> _Raw data_
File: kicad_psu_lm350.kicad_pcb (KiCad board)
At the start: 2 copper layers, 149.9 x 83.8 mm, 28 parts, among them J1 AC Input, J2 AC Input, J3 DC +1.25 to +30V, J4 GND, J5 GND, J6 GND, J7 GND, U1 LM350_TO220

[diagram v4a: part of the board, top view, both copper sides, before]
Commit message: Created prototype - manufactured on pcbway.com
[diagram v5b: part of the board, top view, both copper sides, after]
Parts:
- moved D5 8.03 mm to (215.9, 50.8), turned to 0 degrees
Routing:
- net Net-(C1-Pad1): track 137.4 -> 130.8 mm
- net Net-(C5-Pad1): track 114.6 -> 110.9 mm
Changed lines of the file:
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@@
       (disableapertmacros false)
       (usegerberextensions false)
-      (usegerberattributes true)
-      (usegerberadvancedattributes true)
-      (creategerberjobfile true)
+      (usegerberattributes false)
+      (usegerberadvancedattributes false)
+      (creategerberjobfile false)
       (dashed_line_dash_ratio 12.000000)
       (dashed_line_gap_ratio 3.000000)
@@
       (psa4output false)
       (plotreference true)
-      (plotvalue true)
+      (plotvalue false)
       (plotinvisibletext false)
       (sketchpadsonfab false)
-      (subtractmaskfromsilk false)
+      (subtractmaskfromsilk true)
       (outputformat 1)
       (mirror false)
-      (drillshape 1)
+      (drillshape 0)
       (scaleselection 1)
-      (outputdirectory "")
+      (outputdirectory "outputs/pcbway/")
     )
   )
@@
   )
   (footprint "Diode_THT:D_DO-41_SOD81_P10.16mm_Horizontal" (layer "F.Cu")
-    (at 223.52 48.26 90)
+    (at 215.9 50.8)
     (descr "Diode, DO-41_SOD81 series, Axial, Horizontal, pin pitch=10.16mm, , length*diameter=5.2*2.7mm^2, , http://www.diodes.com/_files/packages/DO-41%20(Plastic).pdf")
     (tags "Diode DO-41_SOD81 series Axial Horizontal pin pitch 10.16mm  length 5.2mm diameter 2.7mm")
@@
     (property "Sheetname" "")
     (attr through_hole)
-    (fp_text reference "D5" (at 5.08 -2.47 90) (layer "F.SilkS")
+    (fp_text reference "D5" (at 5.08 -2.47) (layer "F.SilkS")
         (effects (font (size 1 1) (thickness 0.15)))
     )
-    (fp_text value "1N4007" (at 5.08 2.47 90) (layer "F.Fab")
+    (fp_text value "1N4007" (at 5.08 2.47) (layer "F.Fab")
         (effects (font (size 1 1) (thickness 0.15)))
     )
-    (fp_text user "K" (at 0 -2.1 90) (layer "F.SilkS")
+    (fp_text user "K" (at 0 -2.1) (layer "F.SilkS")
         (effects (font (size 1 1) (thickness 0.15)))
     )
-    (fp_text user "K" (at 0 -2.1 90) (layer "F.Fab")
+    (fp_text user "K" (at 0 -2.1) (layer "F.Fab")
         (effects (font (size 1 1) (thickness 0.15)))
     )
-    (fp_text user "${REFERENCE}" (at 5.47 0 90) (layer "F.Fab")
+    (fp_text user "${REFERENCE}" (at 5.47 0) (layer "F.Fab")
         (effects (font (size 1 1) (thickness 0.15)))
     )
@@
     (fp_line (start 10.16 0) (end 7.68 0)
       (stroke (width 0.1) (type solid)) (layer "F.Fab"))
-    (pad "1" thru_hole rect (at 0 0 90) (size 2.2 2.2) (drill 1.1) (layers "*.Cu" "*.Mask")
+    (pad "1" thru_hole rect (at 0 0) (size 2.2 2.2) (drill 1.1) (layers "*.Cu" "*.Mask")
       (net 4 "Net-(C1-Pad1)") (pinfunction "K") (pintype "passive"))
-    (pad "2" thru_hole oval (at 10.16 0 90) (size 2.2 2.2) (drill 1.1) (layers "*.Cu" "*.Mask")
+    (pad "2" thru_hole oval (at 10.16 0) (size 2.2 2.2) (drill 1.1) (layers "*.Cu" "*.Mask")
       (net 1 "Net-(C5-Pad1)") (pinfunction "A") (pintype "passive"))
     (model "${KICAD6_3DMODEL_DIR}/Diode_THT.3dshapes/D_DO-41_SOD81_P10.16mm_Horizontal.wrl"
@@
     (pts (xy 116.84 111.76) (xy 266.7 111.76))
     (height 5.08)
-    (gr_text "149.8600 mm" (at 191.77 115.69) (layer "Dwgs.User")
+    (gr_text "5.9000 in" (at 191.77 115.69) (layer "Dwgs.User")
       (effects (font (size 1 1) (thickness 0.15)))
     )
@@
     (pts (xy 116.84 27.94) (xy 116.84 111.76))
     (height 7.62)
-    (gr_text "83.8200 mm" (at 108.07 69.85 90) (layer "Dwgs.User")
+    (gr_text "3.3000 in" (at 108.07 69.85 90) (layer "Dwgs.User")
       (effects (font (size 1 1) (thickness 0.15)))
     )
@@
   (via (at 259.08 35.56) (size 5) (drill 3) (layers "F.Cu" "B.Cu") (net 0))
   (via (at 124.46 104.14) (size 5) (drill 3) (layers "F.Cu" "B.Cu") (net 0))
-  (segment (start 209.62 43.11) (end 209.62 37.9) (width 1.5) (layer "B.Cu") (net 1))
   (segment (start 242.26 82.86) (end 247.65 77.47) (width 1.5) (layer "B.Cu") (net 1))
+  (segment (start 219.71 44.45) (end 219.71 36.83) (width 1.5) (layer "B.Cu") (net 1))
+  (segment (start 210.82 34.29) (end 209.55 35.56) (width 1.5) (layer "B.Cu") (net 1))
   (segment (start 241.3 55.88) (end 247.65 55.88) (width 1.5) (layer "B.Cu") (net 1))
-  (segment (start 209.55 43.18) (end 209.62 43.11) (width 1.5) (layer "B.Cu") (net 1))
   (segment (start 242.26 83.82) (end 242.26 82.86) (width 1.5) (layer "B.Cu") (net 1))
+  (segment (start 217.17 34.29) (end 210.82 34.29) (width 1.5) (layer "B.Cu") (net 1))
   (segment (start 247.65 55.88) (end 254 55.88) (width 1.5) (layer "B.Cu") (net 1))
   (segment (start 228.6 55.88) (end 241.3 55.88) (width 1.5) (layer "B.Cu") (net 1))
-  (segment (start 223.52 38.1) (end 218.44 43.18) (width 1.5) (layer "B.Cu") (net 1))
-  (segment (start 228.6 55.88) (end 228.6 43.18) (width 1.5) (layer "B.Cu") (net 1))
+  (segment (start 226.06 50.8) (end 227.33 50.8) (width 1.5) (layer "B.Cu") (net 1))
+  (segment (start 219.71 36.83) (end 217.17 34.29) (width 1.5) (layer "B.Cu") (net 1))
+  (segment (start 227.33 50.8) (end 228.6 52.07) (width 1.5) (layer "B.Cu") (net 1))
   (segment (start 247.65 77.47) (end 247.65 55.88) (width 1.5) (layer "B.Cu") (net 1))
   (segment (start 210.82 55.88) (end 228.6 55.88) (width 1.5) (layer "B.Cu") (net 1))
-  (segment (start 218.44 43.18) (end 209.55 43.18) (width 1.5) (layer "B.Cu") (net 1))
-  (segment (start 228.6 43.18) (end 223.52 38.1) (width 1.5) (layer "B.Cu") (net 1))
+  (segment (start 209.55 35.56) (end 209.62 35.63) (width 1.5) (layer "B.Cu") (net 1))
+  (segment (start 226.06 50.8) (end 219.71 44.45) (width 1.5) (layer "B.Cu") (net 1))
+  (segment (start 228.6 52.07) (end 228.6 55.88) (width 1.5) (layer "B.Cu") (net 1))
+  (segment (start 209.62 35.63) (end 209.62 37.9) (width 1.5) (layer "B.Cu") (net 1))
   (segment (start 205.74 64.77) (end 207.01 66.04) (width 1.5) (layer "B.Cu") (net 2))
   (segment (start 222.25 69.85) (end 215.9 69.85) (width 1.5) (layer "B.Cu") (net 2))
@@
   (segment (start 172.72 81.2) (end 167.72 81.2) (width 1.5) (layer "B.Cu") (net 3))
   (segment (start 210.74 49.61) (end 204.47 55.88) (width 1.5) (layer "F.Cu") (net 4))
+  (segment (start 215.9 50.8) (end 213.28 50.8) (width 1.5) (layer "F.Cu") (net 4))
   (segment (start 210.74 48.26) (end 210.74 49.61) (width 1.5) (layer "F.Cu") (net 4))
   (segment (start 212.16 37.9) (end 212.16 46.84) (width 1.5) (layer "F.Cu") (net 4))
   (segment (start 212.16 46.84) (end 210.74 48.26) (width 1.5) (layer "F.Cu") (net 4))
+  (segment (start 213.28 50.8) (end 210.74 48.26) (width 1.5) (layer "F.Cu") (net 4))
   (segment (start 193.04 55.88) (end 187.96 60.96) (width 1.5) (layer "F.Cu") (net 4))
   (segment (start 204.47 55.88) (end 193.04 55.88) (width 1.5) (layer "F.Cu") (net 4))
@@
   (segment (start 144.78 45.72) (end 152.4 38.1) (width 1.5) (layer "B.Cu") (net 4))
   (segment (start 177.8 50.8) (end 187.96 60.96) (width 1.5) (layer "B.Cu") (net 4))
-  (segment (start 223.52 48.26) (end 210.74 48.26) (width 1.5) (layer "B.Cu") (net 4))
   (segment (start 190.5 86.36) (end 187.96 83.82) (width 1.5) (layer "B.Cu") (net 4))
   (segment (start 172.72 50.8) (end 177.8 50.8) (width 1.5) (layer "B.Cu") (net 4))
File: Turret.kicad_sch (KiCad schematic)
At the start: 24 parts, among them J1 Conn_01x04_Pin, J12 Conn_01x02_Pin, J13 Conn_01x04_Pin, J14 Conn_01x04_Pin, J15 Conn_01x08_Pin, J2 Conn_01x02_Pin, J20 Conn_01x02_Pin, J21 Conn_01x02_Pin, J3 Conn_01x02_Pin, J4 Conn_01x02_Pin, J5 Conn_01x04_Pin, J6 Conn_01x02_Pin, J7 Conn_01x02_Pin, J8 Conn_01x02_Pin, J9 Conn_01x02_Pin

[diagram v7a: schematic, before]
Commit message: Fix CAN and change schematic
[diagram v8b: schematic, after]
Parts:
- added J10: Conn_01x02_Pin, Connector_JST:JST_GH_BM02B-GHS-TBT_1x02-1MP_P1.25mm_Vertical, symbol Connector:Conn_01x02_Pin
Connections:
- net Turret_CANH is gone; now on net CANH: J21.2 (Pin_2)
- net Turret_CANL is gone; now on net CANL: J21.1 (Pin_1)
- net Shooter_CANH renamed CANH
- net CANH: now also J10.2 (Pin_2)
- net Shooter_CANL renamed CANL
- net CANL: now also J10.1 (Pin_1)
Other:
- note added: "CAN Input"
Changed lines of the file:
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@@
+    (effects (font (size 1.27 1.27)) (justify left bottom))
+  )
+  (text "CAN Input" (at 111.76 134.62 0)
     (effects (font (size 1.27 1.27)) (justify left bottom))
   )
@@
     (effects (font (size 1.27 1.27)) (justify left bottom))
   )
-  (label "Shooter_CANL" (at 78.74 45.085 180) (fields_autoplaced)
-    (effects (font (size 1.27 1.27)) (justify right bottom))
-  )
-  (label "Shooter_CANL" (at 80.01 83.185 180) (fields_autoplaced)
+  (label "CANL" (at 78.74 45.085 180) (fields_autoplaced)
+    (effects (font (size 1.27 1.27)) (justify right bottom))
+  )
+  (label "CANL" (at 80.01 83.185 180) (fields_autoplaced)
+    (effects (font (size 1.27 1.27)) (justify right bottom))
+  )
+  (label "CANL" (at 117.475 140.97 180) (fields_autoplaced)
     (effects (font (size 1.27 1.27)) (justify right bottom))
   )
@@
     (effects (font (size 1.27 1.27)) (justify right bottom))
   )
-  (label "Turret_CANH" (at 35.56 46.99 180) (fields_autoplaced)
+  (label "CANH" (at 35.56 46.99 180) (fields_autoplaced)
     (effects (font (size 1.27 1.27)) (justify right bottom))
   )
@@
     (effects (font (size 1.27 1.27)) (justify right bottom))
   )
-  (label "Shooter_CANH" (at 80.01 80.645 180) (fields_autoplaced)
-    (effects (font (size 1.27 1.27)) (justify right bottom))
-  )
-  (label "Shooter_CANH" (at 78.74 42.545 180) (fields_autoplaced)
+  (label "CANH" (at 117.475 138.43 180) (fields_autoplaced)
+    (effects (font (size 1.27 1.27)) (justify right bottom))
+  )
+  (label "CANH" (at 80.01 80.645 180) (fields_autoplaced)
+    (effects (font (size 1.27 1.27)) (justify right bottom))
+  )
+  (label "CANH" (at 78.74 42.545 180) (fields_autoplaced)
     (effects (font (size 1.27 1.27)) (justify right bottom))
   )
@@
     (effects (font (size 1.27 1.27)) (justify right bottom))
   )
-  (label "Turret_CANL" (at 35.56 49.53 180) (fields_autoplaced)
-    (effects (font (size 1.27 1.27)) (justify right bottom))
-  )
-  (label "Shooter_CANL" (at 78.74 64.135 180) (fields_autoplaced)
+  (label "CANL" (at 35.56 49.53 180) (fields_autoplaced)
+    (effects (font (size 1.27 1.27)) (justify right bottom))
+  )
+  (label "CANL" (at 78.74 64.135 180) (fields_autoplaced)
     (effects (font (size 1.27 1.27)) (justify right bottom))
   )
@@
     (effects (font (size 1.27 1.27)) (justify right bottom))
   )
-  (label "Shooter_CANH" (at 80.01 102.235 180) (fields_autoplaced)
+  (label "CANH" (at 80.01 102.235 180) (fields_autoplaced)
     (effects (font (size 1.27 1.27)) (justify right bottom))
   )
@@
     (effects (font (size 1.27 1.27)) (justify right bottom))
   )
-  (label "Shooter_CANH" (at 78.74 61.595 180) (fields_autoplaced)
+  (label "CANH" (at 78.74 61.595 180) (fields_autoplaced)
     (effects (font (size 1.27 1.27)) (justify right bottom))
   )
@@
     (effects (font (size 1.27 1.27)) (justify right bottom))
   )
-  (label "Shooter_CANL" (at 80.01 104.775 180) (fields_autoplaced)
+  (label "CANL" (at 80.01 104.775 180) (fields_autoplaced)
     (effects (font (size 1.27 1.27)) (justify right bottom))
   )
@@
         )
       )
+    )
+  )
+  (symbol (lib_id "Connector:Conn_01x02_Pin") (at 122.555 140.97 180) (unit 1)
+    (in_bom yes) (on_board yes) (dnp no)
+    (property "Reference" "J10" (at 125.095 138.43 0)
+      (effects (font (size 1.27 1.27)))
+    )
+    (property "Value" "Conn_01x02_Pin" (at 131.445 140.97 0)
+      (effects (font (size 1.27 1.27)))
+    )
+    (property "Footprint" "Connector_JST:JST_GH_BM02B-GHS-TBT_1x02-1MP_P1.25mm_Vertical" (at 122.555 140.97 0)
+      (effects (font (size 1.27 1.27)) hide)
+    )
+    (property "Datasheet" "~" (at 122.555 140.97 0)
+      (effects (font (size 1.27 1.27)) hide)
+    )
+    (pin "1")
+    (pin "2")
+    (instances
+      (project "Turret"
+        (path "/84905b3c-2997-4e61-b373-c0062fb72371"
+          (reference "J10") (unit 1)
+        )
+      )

> _Task details_
Only a number is expected here: the count of lines in the listing that hold the string "oval".

> _Response box_
2